I have been a fan of Inga Saffron’s fiery support of historic preservation during all of the years for which I have held a position of leadership in this community. I value her opinion, but cannot overlook my own in the case of the Boyd Theater’s slow death on and to Chestnut Street.

After all, I grew up in the William Penn House. I watched movies there as a tot with my family. And I was the leader decades ago in the fight to preserve the Boyd as the last movie palace in Philadelphia. But that was long before the Kimmel Center became the home to many of our greatest performing arts institutions, and long before elegant new and restored buildings took the place of the 1928 Boyd Theater, shuttered because its allure and its usability became obsolete.

As a lover and proponent of culture and architecture in our city, I have always cared deeply about historic preservation.

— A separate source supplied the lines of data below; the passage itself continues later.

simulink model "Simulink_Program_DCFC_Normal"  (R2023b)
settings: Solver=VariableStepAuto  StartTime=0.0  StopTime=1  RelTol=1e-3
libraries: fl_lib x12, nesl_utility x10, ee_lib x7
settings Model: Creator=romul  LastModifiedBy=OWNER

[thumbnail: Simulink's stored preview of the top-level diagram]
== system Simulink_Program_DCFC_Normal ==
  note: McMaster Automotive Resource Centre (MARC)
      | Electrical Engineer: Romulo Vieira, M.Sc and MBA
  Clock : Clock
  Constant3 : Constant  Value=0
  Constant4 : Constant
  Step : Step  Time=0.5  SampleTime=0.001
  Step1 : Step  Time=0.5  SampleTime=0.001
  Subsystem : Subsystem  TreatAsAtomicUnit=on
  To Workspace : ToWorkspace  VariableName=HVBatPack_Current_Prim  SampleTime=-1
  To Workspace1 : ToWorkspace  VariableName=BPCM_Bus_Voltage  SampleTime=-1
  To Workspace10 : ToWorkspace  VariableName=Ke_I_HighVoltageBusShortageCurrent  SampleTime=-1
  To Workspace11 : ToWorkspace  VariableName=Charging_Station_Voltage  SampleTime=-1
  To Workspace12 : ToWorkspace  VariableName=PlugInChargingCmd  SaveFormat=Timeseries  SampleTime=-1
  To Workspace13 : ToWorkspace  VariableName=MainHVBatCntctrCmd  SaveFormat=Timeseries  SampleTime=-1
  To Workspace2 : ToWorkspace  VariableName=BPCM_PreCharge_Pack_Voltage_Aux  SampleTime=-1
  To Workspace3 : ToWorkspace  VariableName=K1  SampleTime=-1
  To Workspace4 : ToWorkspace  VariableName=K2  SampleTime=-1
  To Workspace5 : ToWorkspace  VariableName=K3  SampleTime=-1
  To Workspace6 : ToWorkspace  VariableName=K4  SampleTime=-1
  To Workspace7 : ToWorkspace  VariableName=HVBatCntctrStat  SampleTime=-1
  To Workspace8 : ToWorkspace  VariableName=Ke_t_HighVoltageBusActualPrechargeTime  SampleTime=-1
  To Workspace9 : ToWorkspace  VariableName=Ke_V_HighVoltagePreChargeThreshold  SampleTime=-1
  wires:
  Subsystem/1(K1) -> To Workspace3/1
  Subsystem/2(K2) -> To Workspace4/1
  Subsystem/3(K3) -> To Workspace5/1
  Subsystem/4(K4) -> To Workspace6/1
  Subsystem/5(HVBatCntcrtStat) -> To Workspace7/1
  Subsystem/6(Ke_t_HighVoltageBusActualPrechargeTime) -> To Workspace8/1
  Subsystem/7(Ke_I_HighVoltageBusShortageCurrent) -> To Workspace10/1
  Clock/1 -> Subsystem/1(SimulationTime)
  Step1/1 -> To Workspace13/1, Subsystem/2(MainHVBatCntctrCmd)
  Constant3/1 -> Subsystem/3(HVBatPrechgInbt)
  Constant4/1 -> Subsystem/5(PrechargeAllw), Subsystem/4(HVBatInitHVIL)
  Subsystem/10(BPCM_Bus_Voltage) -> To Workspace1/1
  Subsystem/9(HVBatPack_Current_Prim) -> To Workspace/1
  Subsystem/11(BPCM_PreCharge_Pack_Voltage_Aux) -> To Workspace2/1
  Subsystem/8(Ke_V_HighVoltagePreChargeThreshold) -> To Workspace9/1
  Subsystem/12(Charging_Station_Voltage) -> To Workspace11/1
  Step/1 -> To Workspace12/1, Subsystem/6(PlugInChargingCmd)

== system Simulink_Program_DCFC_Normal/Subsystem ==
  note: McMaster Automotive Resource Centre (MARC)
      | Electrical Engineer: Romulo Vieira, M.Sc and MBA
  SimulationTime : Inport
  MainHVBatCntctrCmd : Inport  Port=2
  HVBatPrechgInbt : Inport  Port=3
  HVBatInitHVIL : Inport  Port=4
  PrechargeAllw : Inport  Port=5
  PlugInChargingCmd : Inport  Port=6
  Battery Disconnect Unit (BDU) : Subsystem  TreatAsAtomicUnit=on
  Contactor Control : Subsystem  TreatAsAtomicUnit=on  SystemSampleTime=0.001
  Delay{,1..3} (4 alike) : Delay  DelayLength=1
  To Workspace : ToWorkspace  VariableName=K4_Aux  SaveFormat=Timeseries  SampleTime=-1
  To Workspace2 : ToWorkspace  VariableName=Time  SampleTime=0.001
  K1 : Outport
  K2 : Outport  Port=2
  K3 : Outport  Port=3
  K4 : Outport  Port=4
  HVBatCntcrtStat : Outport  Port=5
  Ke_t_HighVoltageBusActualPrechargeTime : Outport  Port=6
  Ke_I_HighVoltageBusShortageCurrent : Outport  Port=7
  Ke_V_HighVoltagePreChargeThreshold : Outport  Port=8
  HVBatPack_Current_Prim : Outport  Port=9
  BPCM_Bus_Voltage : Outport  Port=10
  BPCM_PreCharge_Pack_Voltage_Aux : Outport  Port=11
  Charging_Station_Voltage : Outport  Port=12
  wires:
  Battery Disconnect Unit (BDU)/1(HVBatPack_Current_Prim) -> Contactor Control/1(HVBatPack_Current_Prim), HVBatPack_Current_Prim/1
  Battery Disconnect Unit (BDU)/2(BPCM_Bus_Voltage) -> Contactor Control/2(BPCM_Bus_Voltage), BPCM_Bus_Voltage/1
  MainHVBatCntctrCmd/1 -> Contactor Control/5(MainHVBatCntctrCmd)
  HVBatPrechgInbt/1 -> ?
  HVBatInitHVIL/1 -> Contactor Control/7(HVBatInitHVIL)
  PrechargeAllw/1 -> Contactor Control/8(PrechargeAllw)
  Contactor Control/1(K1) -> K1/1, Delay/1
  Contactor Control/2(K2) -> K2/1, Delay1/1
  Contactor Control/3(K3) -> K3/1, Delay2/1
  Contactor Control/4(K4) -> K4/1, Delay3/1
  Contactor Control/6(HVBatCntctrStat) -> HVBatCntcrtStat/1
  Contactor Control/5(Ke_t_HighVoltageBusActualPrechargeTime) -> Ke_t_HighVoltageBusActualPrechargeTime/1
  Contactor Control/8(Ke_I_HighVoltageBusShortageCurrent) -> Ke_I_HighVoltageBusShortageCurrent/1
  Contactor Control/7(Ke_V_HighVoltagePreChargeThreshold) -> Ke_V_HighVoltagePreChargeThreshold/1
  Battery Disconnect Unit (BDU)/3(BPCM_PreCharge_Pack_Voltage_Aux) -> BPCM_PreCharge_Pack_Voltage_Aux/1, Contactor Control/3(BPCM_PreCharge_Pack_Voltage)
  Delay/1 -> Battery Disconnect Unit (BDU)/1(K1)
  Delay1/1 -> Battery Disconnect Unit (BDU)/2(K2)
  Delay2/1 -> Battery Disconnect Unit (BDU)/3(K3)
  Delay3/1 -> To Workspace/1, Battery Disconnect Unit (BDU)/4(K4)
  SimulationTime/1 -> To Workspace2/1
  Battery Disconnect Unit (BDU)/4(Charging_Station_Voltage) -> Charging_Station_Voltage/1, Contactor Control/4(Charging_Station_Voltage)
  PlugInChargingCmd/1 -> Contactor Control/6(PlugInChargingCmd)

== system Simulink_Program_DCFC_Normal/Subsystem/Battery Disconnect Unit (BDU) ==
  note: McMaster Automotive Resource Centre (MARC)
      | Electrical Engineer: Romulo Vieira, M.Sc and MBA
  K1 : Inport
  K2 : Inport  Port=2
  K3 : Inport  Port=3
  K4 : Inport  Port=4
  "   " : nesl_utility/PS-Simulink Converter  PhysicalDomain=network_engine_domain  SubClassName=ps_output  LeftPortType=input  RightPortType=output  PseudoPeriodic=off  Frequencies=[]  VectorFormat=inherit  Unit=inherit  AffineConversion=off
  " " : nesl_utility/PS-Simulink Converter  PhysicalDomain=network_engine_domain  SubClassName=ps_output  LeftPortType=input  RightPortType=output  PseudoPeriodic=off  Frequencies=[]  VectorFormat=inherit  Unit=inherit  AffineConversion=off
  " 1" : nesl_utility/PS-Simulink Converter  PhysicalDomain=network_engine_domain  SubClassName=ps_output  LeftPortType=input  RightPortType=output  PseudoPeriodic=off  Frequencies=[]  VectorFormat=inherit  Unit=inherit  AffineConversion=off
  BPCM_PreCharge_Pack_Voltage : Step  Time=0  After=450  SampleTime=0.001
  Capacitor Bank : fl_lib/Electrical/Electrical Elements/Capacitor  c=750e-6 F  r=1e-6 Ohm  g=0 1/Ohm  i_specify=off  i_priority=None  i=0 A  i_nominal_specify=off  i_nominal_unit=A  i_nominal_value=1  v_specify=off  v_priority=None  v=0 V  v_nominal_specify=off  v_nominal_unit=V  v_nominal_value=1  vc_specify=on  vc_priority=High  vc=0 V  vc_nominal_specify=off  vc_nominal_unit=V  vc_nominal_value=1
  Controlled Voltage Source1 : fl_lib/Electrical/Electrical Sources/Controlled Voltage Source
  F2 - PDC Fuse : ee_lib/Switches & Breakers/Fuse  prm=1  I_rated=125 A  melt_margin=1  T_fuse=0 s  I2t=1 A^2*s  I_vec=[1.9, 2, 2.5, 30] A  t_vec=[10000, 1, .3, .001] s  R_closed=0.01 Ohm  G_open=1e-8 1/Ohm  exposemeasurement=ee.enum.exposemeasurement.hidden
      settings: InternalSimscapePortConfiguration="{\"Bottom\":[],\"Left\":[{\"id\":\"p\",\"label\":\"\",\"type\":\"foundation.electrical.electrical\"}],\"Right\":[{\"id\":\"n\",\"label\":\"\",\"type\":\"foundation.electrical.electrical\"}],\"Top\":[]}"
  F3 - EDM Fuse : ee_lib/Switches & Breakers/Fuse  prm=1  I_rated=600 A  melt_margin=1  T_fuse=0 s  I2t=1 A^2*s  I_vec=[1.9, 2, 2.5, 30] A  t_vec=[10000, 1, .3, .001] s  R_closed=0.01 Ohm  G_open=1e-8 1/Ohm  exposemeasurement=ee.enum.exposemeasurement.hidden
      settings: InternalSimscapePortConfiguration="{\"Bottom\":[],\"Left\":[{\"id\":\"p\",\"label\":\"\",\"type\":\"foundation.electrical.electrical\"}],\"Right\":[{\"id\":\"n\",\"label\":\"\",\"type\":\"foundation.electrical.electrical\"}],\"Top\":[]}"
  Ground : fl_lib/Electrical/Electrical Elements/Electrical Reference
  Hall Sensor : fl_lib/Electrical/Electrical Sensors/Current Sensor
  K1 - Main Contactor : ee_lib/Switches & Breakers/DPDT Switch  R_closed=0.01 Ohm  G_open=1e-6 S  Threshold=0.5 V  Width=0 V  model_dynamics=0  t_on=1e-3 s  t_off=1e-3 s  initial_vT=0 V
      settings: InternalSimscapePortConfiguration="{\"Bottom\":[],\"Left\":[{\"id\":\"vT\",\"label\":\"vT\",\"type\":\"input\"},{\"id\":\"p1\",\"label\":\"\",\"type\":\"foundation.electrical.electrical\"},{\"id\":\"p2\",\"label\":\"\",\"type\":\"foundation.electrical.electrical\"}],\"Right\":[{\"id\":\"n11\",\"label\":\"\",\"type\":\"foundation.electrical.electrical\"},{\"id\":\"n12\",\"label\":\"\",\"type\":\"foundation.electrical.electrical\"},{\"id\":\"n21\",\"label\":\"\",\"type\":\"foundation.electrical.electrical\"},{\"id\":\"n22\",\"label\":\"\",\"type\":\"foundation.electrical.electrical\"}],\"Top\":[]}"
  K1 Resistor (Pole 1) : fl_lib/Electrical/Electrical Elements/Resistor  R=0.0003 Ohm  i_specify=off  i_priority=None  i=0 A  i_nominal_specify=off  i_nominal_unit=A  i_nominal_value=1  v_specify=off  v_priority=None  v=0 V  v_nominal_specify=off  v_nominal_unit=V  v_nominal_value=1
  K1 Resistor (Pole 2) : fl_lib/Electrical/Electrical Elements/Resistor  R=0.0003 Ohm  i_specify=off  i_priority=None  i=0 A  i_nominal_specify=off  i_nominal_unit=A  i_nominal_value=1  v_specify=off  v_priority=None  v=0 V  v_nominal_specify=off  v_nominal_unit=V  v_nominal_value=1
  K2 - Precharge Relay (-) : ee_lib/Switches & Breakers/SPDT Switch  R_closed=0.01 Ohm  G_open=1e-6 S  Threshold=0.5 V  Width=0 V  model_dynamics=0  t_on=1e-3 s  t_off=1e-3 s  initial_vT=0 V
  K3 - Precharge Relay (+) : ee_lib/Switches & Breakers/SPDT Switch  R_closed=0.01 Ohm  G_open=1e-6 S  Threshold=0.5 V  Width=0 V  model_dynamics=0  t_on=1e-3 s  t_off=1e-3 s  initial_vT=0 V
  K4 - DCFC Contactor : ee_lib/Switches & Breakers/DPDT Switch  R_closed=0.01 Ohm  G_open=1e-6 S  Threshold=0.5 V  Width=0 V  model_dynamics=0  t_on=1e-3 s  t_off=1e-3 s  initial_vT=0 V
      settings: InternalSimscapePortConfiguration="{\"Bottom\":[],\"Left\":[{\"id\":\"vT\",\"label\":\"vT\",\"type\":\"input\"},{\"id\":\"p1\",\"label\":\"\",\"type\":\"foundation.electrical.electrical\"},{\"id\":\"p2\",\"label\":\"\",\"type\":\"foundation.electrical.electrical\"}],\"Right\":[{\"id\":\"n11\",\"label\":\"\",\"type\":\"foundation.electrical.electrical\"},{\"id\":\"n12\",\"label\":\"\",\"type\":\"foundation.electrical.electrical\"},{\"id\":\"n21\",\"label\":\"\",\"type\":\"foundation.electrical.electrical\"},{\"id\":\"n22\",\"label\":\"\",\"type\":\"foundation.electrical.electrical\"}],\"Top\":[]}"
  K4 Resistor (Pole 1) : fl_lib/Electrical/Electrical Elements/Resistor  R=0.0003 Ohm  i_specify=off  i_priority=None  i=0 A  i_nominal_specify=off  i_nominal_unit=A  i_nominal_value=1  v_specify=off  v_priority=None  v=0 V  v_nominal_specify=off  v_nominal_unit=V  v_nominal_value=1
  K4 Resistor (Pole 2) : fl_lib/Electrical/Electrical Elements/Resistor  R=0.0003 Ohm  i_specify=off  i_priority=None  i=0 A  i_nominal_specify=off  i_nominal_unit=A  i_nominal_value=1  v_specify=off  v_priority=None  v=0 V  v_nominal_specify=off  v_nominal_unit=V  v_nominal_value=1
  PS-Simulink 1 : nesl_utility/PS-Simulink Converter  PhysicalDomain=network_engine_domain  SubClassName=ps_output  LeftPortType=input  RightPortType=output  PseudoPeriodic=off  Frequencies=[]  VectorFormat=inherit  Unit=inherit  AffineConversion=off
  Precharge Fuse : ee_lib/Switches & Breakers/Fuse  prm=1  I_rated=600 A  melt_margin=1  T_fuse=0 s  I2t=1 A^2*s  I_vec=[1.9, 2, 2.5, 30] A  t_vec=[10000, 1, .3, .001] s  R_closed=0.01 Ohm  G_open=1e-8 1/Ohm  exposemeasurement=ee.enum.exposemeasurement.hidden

In 1999, I was honored by the Preservation Alliance of Greater Philadelphia with its “Public Service Award for Support of Historic Preservation in the Public Interest.” But the long shuttered and neglected Boyd Theater’s future is folly as a single stage venue. Center City residents are begging for a modern first class cinema experience. And Chestnut Street needs to develop westward— which is why I very much support iPic Entertainment’s proposal to bring the Boyd back to life.

iPic will restore the Boyd’s facade to its original, impressive state, as well as much of the facility’s head house. It will pay homage to the history of the Boyd by displaying artifacts and memorabilia for public viewing throughout the theater. Philadelphia film-lovers will flock. Chestnut Street West will see new life. And I’m convinced that most Philadelphians will be well served.

Preserving history is important, but embracing opportunity is important, too. The economics of a 2,300-seat theater for movies is obsolete. This plan is a modern-day movie palace and requires no public money. It will become an instant asset to Center City and to film lovers like me.